Recent evidence indicates that environmentally-induced epigenetic changes, and in particular altered patterns of DNA methylation, contribute to the environment–host interaction in some forms of autoimmunity. A failure to maintain epigenetic homeostasis, due to environmental influences, can lead to aberrant gene expression in specific cells causing loss of tolerance, and the modified cells then contribute to the development of autoimmunity in genetically predisposed individuals . Thus a combination of genetic and epigenetic mechanisms appears to be important in understanding causation of some autoimmune diseases.
Many autoimmune diseases occur more frequently in women, and the reason for this female preponderance is also incompletely understood. Functional studies suggest a role for female sex hormones [4,5], with higher Th1-mediated immune responses  and altered T cell homing  as possible contributors to the female predominance in autoimmune diseases. Others have suggested that women have a genetic predisposition to autoimmunity due to their second X chromosome [8,9]. Since one X chromosome is silenced by epigenetic mechanisms in women, it is possible that epigenetic mechanisms also contribute to the female predisposition to autoimmunity through effects on the inactive X.

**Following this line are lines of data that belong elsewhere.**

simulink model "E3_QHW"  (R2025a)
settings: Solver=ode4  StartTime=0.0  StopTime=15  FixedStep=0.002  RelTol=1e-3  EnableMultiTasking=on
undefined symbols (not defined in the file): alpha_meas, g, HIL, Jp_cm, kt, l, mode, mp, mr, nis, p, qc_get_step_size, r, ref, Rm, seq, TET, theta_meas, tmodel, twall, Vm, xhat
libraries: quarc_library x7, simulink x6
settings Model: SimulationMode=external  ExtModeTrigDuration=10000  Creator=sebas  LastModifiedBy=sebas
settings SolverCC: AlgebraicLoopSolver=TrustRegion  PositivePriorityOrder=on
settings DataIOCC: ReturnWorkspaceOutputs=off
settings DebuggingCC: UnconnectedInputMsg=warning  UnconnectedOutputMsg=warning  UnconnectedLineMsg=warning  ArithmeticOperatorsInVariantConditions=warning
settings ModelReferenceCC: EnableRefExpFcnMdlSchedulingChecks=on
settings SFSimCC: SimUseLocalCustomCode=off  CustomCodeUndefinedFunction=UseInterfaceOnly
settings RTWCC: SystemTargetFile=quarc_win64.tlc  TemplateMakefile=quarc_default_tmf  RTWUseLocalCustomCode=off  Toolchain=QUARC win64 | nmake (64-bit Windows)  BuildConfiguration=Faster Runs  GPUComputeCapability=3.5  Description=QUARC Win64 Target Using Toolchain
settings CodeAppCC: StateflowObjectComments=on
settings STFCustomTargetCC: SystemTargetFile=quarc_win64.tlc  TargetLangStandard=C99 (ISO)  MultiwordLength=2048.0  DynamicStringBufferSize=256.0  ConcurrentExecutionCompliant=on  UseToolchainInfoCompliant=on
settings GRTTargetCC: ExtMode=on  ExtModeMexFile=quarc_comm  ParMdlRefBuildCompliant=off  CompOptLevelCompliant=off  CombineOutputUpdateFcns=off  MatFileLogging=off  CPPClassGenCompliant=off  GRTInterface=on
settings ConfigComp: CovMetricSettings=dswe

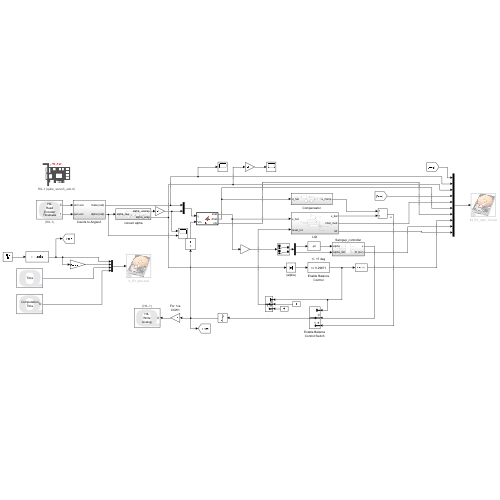
[thumbnail: Simulink's stored preview of the top-level diagram]
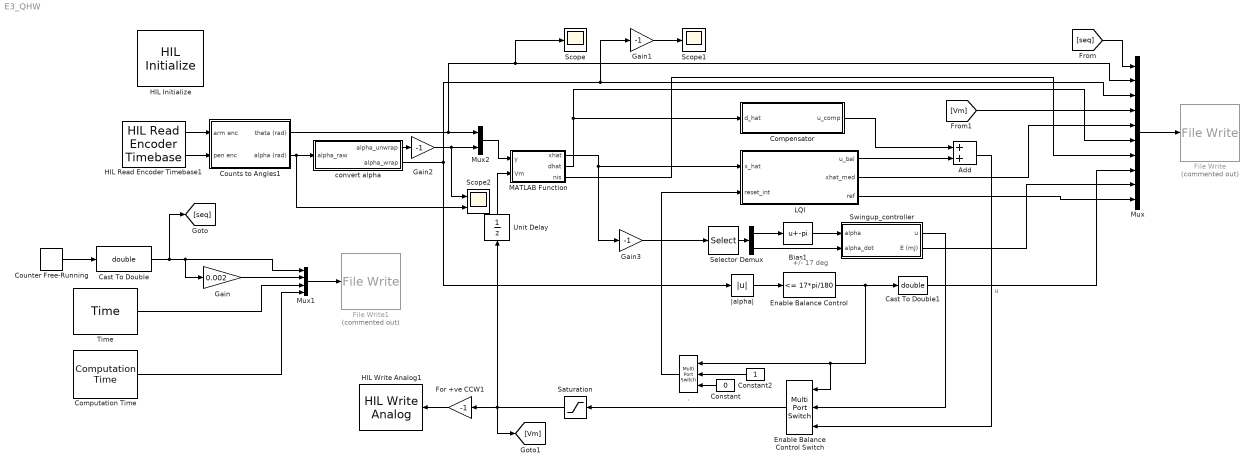
== system E3_QHW ==
  note: +/- 17 deg
  . : MultiPortSwitch  DataPortOrder=Zero-based contiguous  Inputs=2  zeroidx=on  SaturateOnIntegerOverflow=off  InputSameDT=off
  Add : Sum
  Bias1 : Bias  Bias=-pi  SaturateOnIntegerOverflow=off
  Cast To Double : DataTypeConversion  OutDataTypeStr=double  SaturateOnIntegerOverflow=off  RndMeth=Floor
  Cast To Double1 : DataTypeConversion  OutDataTypeStr=double  SaturateOnIntegerOverflow=off  RndMeth=Floor
  Compensator : Subsystem
  Computation Time : quarc_library/Sources/Time/Computation Time  sample_time=qc_get_step_size  use_model=on  use_cpu_time=off
  Constant : Constant  Value=0
  Constant2 : Constant
  Counter Free-Running : simulink/Sources/Counter Free-Running  NumBits=16  tsamp=0.002
  Counts to Angles1 : Subsystem
  Demux : Demux  Outputs=2
  Enable Balance Control : simulink/Logic and Bit Operations/Compare To Constant  relop=<=  const=17*pi/180  OutDataTypeStr=boolean  ZeroCross=off
  Enable Balance Control Switch : MultiPortSwitch  DataPortOrder=Zero-based contiguous  Inputs=2  zeroidx=on  SaturateOnIntegerOverflow=off  InputSameDT=off
  File Write : quarc_library/Sinks/To Target/File Write  Commented=on  source=Specify via dialog (do not evaluate)  file_name=fid_E3_qhw_10.mat  variable_name=seq,theta_meas,alpha_meas,Vm,xhat.dhat,nis,mode,E,ref  decimation=1  sample_time=0.002  file_format=MAT-file v.4  options=No header or footer  append=off  encoding=Default  bitrate=0
      settings: AttributesFormatString=%<file_name>  SourceProductName=QUARC Targets
  File Write1 : quarc_library/Sinks/To Target/File Write  Commented=on  source=Specify via dialog (do not evaluate)  file_name=rt_E3_qhw.mat  variable_name=seq,tmodel,twall,TET  decimation=1  sample_time=0.002  file_format=MAT-file v.4  options=No header or footer  append=off  encoding=Default  bitrate=0
      settings: AttributesFormatString=%<file_name>  SourceProductName=QUARC Targets
  For +ve CCW1 : Gain  Gain=-1
  Gain : Gain  Gain=0.002
  Gain1 : Gain  Gain=-1
  Gain2 : Gain  Gain=-1
  Gain3 : Gain  Gain=-1
  HIL Initialize : quarc_library/Data Acquisition/Generic/Configuration/HIL Initialize  object_name=HIL-1  board_type=qube_servo3_usb  board_number=0  board_options=deadband_compensation=0.3;pwm_en=0;enc0_velocity=3.0;enc1_velocity=3.0;min_diode_compensation=0.3;max_diode_compensation=1.5  exclusive=off  active=on  hardware_clocks=[0]  clock_modes=[]  initial_clock_frequencies=[]  set_clock_params_at_start=off  set_clock_params_at_switch_in=off  set_clock_frequencies_at_start=off  set_clock_frequencies_at_switch_in=off  analog_input_channels=[0]  analog_input_configurations=[]  analog_input_maximums=3  analog_input_minimums=-3  set_analog_input_params_at_start=off  set_analog_input_params_at_switch_in=off  analog_output_channels=[0]  analog_output_maximums=15  analog_output_minimums=-15  initial_analog_outputs=[0]  final_analog_outputs=[0]  watchdog_analog_outputs=0  set_analog_output_params_at_start=off  set_analog_output_params_at_switch_in=off  set_analog_outputs_at_start=on  set_analog_outputs_at_switch_in=off  set_analog_outputs_at_terminate=on  set_analog_outputs_at_switch_out=off  set_analog_outputs_on_watchdog=on  digital_input_channels=[]  digital_output_channels=[0]  digital_output_configuration=[]  initial_digital_outputs=[1]  final_digital_outputs=[0]  watchdog_digital_outputs=[0]  set_digital_output_params_at_start=off  set_digital_output_params_at_switch_in=off  set_digital_outputs_at_start=on  set_digital_outputs_at_switch_in=off  set_digital_outputs_at_terminate=on  set_digital_outputs_at_switch_out=off  set_digital_outputs_on_watchdog=on  encoder_channels=[0:1]  quadrature=[4]  encoder_filter_frequency=[]  initial_encoder_counts=[0]  set_encoder_params_at_start=off  set_encoder_params_at_switch_in=off  set_encoder_counts_at_start=on  set_encoder_counts_at_switch_in=off  pwm_channels=[]  pwm_modes=[0]  pwm_frequency=23195  pwm_configuration=[1]  pwm_alignment=[0]  pwm_polarity=[1]  pwm_leading_deadband=[0]  pwm_trailing_deadband=[0]  initial_pwm_outputs=[0]  final_pwm_outputs=[0]  watchdog_pwm_outputs=[]  set_pwm_params_at_start=off  set_pwm_params_at_switch_in=off  set_pwm_outputs_at_start=off  set_pwm_outputs_at_switch_in=off  set_pwm_outputs_at_terminate=off  set_pwm_outputs_at_switch_out=off  set_pwm_outputs_on_watchdog=off  other_output_channels=[11000:11002]  initial_other_outputs=[0 1 0]  final_other_outputs=[1 0 0]  watchdog_other_outputs=[0 0 1]  set_other_outputs_at_start=on  set_other_outputs_at_switch_in=off  set_other_outputs_at_terminate=on  set_other_outputs_at_switch_out=off  set_other_outputs_on_watchdog=on
  HIL Read Encoder Timebase1 : quarc_library/Data Acquisition/Generic/Timebases/HIL Read Encoder Timebase  object_name=HIL-1  clock=0  channels=[0:1]  active=on  vector_output=off  data_type_mode=Inherit via back propagation  data_type=double  overflow_mode=Error on overflow  samples_in_buffer=max(ceil(1/qc_get_step_size), 1)
  HIL Write Analog1 : quarc_library/Data Acquisition/Generic/Immediate I//O/HIL Write Analog  object_name=HIL-1  channels=0  sample_time=-1  active=off  vector_input=off
  LQI : Subsystem
  MATLAB Function : MATLAB Function  TreatAsAtomicUnit=on
  Mux : Mux  Inputs=10
  Mux1 : Mux
  Mux2 : Mux  Inputs=2
  Saturation : Saturate  UpperLimit=10  LowerLimit=-10
  Scope : Scope
      settings: ActiveDisplayYMinimum=-0.97599527629223914  ActiveDisplayYMaximum=1.5128885520522135
  Scope1 : Scope
      settings: ActiveDisplayYMinimum=-3.9235393602144986  ActiveDisplayYMaximum=3.9266073217902697
  Scope2 : Scope  NumInputPorts=2
      settings: ActiveDisplayYMinimum=-3.5165986422515694  ActiveDisplayYMaximum=6.5027597221689657  DataLoggingVariableName=ScopeData2
  Selector : Selector  InputPortWidth=4  IndexOptions=Index vector (dialog)  Indices=[2 4]  OutputSizes=1
  Swingup_controller : Subsystem
  Time : quarc_library/Sources/Time/Time  time_source=Wall clock  sample_time=qc_get_step_size
  Unit Delay : UnitDelay  SampleTime=-1  HasFrameUpgradeWarning=on
  convert alpha : Subsystem
  |alpha| : Abs  SaturateOnIntegerOverflow=off
  wires:
  Counter Free-Running/1 -> Cast To Double/1
  Gain/1 -> Mux1/2
  Time/1 -> Mux1/3
  Computation Time/1 -> Mux1/4
  Mux1/1 -> File Write1/1
  Cast To Double/1 -> [seq], Mux1/1, Gain/1
  Counts to Angles1/1(theta (rad)) -> Scope/1, Mux/2, Mux2/1
  Gain2/1 -> Scope2/1, Mux2/2
  Demux/1 -> Bias1/1
  Counts to Angles1/2(alpha (rad)) -> Scope2/2, convert alpha/1(alpha_raw)
  MATLAB Function/1(xhat) -> LQI/1(x_hat), Gain3/1
  HIL Read Encoder Timebase1/2 -> Counts to Angles1/2(pen enc)
  Unit Delay/1 -> MATLAB Function/2(Vm)
  Gain3/1 -> Selector/1
  ./1 -> LQI/2(reset_int)
  Selector/1 -> Demux/1
  Enable Balance Control/1 -> Enable Balance Control Switch/1, ./1, Cast To Double1/1
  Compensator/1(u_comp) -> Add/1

This article reviews the current status of genetic contributions to human lupus, rheumatoid arthritis, multiple sclerosis and type 1 diabetes, and how epigenetic mechanisms may contribute to the development of autoimmunity in genetically predisposed hosts. Systemic lupus erythematosus (SLE) is used as an example where some predisposing genes are known, cells affected by epigenetic alterations have been identified, and genetic/epigenetic interactions are reported. Evidence supporting a role for epigenetic mechanisms in the female predisposition to lupus is also discussed. The status of epigenetic research in rheumatoid arthritis (RA), multiple sclerosis (MS) and type 1 diabetes (T1DM) is also summarized, with the goal of stimulating further study in these areas.
Genetic polymorphisms are heritable alterations in the DNA sequence. Genetic polymorphisms contribute to phenotypic variation, and sometimes to disease susceptibility, through effects on gene expression and function. Identifying predisposing genetic polymorphisms in rheumatic and other autoimmune diseases provides clues to understand the pathogenic mechanisms involved. Recent advances in gene expression analyses, high-throughput single nucleotide polymorphism (SNP) genotyping, and association studies have identified genetic loci or genes that dictate immune abnormalities in autoimmune diseases. Genome wide studies have already identified genes predisposing to human SLE, RA, MS and T1DM (vide infra). Further, spontaneous and genetically engineered animal models have been used to characterize the function of some susceptibility genes in autoimmune models. However, as noted above, twin studies demonstrate that genes alone are often insufficient to cause autoimmunity, and other factors are required. Some of these are epigenetic.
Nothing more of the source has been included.